What I’ve been reading

April 18th, 2022Posted by Nancy

As a break from the WORDS & MUSIC series (because, quite frankly, we haven’t started working on the next video yet!), here are the best things I’ve read since the beginning of 2022.

FICTION

Matrix, by Lauren Groff. A beautifully written book about the life of a young woman who sent to be the prioress of an impoverished abbey in Eleanor of Aquitaine’s England. A nice supplement to my earlier reading of Sylvia Townsend Warner’s The Corner that Held Them.

Sudden Traveller, by Sarah Hall. I was so in awe of the stories in this book that I read some of them twice. Just bloody brilliant writing.

Burntcoat, by Sarah Hall. A short novel that came out this year, encompassing both the timely (pandemics) and some of my own personal obsessions (artists and their work). The sex scenes in this one are very different than those in romance novels but I admit I still skipped over them. The rest I devoured and then reread key passages. More bloody brilliant writing.

A Psalm for the Wild-Built, by Becky Chambers. Charming and very human (even if some of the characters are robots) science fiction.

Bewilderment, by Richard Powers. Not quite as successful as The Overstory, but a compelling and sad look at loss, both personal and planetary.

The Underground Railroad, by Colson Whitehead. I put off reading this book about escaping slavery but was glad I finally bit the bullet and plunged in. The magical realist conceit (the railroad is a real railroad, the places it goes are not quite real places) doesn’t take anything away from the brutal truth of oppression and the persistence of hope.

Sea of Tranquility, by Emily St. John Mandel. I might quibble a bit of the SF elements but this is Emily St. John Mandel, so the prose is wonderful, the story booms along at an incredible pace, and I thoroughly enjoyed it.

The Echo Wife, by Sarah Gailey. A scientist specializing in cloning discovers that her ex-husband has made a clone of her. Gailey isn’t afraid to take this scenario to it’s darkest conclusions and provides a masterclass writing lesson in the art of revealing that your first-person narrator is not at all a nice person.

Non-Fiction

The Master and His Emissary, by Iain McGilchrist. Subtitled “The Divided Brain and the Making of the Western World”. I was never convinced by the central premise but it was an interesting read with some thought-provoking ideas. I admit to being put off by the contention that modern and contemporary art is a symptom of the left brain (which is bad) because it’s not beautiful and uplifting.
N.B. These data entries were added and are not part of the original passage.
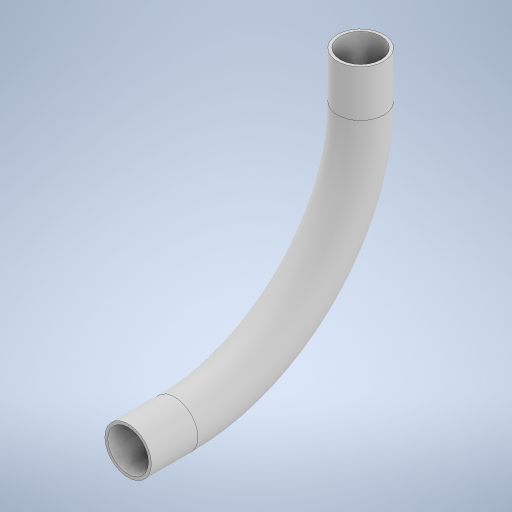
# Autodesk Inventor part: Tube Bend
Saved by Autodesk Inventor 2023 (Build 270158000, 158)
## iProperties
Created: 2023-02-03
Part Number: Tube Bend
Material: Generic
Document SubType Name: Modeling
Designer: Admin
Density: 1 g/cm^3
Appearance: Default
Author: Admin
Autodesk Inventor part; units mm, degrees
ref_plane "YZ Plane" through (0, 0, 0) normal (1, 0, 0) x (0, 1, 0)
ref_plane "XZ Plane" through (0, 0, 0) normal (0, 1, 0) x (-1, 0, 0)
ref_plane "XY Plane" through (0, 0, 0) normal (0, 0, 1) x (1, 0, 0)
sketch "Sketch1" plane through (0, 0, 0) normal (1, 0, 0) x (0, 1, 0)
  line L0 (0, 0) -> (0, -101.6)
  arc A0 (0, -101.6) -> (406.4, -508) centre (406.4, -101.6) ccw
  line L1 (406.4, -508) -> (508, -508)
  dimension "bendAngle" = 90
  dimension "centerlineRadius" = 406.4
  dimension "tangentLength" = 101.6
  constraints: 4 end point, 2 point on circle, 2 tangent, 1 centre point, 1 perpendicular, 1 vertical
  measures "bendAngle" angle of L1 L0
  measures "centerlineRadius" radius of A0
  measures "tangentLength" distance of L0.start L0.end
sketch "Sketch2" plane through (0, 0, 0) normal (0, 0, 1) x (1, 0, 0)
  circle A0 centre (0, 0) radius 50.8
  circle A1 centre (0, 0) radius 44.45
  dimension "outerDiameter" = 101.6
  dimension "wallThickness" = 6.35
  constraints: 2 centre point, 1 coincident
  measures "outerDiameter" diameter of A0
  measures "wallThickness" radial gap between concentric circles of A0 A1
sweep "Sweep1" add profiles "Sketch2" path "Sketch1"
body "Solid1"
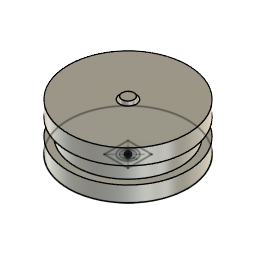
U_Wheel v2 (Autodesk Fusion 360 design; units mm, degrees)
Autodesk Fusion 360 part; units mm, degrees
sketch "Sketch1" plane through (0, 0, 0) normal (0, 0, 1) x (1, 0, 0)
  circle A0 centre (0, 0) radius 25
  circle A1 centre (0, 0) radius 3.5
  line L0 (5, -5) -> (-5, -5)
  line L1 (-5, -5) -> (-5, 5)
  line L2 (-5, 5) -> (5, 5)
  line L3 (5, 5) -> (5, -5)
  line L4 (5, -5) -> (-5, 5) construction
  line L5 (-5, -5) -> (5, 5) construction
  circle A2 centre (0, 0) radius 2.5
  dimension "d1" = 50
  dimension "d13" = 7
  dimension "d17" = 10
  dimension "d18" = 10
  dimension "d26" = 5
  constraint coincident A0.centre A1.centre
  constraint concentric A0 A1
  constraint horizontal L0
  constraint perpendicular L0 L1
  constraint parallel L0 L2
  constraint parallel L1 L3
  constraint coincident L4 A0.centre
  constraint coincident L5 A0.centre
  constraint concentric A1 A2
  measures "d1" diameter of A0
  measures "d13" diameter of A1
  measures "d17" distance of L1.end L2.end
  measures "d18" distance of L0.end L1.end
  measures "d26" diameter of A2
extrude "Extrude1" add sketch "Sketch1" along normal blind 20 contours A0 | A1 | L0 L1 L2 L3 | A2 makes body 1
sketch "Sketch6" plane through (0, 0, 0) normal (1, 0, 0) x (0, 1, 0)
  line L0 (0, 20) -> (-25, 20)
  line L1 (25, 20) -> (0, 20)
  line L2 (0, 0) -> (-25, 0)
  line L3 (25, 0) -> (0, 0)
  line L4 (25, 0) -> (25, 20)
  line L5 (-25, 0) -> (-25, 20)
  line L6 (-25, 13.5) -> (-22, 13.5)
  line L7 (-22, 13.5) -> (-22, 6.5)
  line L8 (-22, 6.5) -> (-25, 6.5)
  line L9 (-25, 6.5) -> (-25, 13.5)
  dimension "d7" = 3
  dimension "d8" = 7
  dimension "d9" = 6.5
  constraint horizontal L6
  constraint vertical L7
  constraint horizontal L8
  constraint vertical L9
  constraint coincident L5 L6.start
  measures "d7" distance of L6.start L6.end
  measures "d8" distance of L6.start L8.end
  measures "d9" distance of L0 L6
revolve "Revolve1" cut sketch "Sketch6" angle 360 about axis through (0, 0, 0) along (0, 0, -1) contours L5 L6 L7 L8 L9 bodies 1
extrude "Extrude2" cut sketch "Sketch1" along normal blind 24.171 contours A1 | A2 bodies 1
extrude "Extrude5" add sketch "Sketch1" along normal blind 20.071 separate body contours A2 makes body 2
extrude "Extrude3" add sketch "Sketch1" along normal blind 1.5137 contours L0 L1 L2 L3 bodies 1
ref_plane "WorkPlane1" through (30, 0, 0) normal (1, 0, 0) x (0, 1, 0)
extrude "Extrude6" add sketch "Sketch1" against normal blind 1.9941 contours A2 bodies 2
extrude "Extrude7" add 1 faces at (-0.7508, 0.3616, 20.071) along direction (0, 0, 1) blind 1.078 on bodies 2 bodies 2
equation "d1 = rope_wheel"
equation "rope_wheel = 50 mm"
equation "rope_wheel_hohe = 20 mm"
equation "rope_u_kanal = 10 mm"
equation "d5 = rope_wheel_hohe"
equation "rope_wheel_D_klein = 7 mm"
equation "d13 = rope_wheel_D_klein"
equation "rope_stützt_arm_lange = 10 mm"
equation "d17 = rope_stützt_arm_lange"
equation "d18 = rope_stützt_arm_lange"
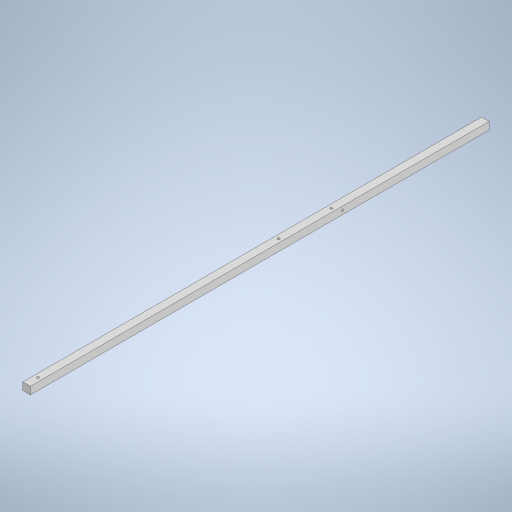
# Autodesk Inventor part: Dai
Saved by Autodesk Inventor 2023 (Build 270158000, 158)
## iProperties
Created: 2022-10-14
Part Number: Dai
Material: 一般
Document SubType Name: Modeling
Designer: banru
Density: 1 g/cm^3
Appearance: 既定
Author: banru
Autodesk Inventor part; units mm, degrees
ref_plane "YZ Plane" through (0, 0, 0) normal (1, 0, 0) x (0, 1, 0)
ref_plane "XZ Plane" through (0, 0, 0) normal (0, 1, 0) x (-1, 0, 0)
ref_plane "XY Plane" through (0, 0, 0) normal (0, 0, 1) x (1, 0, 0)
sketch "スケッチ1" plane through (0, 0, 0) normal (0, 1, 0) x (-1, 0, 0)
  line L0 (0, 0) -> (10, 0)
  line L1 (10, 0) -> (10, -610)
  line L2 (10, -610) -> (0, -610)
  line L3 (0, -610) -> (0, 0)
  dimension "d0" = 10
  dimension "d1" = 610
  constraints: 8 end point, 2 parallel, 1 horizontal, 1 perpendicular
  measures "d0" distance of L1.end L2.end
  measures "d1" distance of L0.end L1.end
extrude "押し出し1" add sketch "スケッチ1" along normal blind 10
sketch "スケッチ2" plane through (0, 10, 0) normal (0, 1, 0) x (1, 0, 0)
  line L0 (-10, 0) -> (0, 0) projected
  point P0 (-5, 405)
  point P1 (-5, 0)
  point P2 (-5, 0)
  dimension "d4" = 405
  constraints: 2 midpoint, 1 vertical alignment
  measures "d4" distance of point (-5, 0) point (-5, 405)
hole "穴1" at (-5, 10, -405) direction (0, -1, 0) diameter 3.1 end through all
sketch "スケッチ3" plane through (0, 0, 0) normal (1, 0, 0) x (0, 0, -1)
  line L0 (0, 0) -> (0, 10) projected
  point P0 (415, 5)
  point P1 (0, 5)
  point P2 (0, 5)
  dimension "d12" = 415
  constraints: 2 midpoint, 1 horizontal alignment
  measures "d12" distance of point (0, 5) point (415, 5)
hole "穴2" at (0, 5, -415) direction (-1, 0, 0) diameter 3.1 end through all
sketch "スケッチ4" plane through (0, 10, 0) normal (0, 1, 0) x (1, 0, 0)
  line L0 (-10, 0) -> (0, 0) projected
  point P0 (-5, 15)
  point P1 (-5, 335)
  point P2 (-5, 0)
  point P3 (-5, 0)
  point P4 (-5, 0)
  point P5 (-5, 0)
  dimension "d20" = 15
  dimension "d21" = 335
  constraints: 4 midpoint, 2 vertical alignment
  measures "d20" distance of point (-5, 0) point (-5, 15)
  measures "d21" distance of point (-5, 0) point (-5, 335)
hole "穴3" at (-5, 10, -15) at (-5, 10, -335) direction (0, -1, 0) diameter 3.1 end through all

Being You, by Anil Seth. A look at the science of consciousness and being human. It takes a bit of concentration to really grasp the science but Seth does a great job explaining and it was an interesting combination with the book mentioned above.

Fifth Sun: A New History of the Aztecs, by Camilla Townsend. I was fascinated by the South and Central American cultures when I was younger but this book was a revelation.

Origin: A Genetic History of the Americas, by Jennifer Ruff. Ruff explores the latest archeological and genetic evidence that support the various theories and proposed timelines for the settlement of the Americas. Includes a great chapter on the process of working with DNA, explores the history of European attitudes to the indigenous inhabitants (past and present), and outlines ways scientists are now trying to build respectful partnerships with the descendants of the first peoples to arrive on the continent.

Second-Hand Time, by Svetlana Alexsievich. A few years old but very timely. Alexsievich interviews a wide range of Russians about the changes to their world in the early 1990s.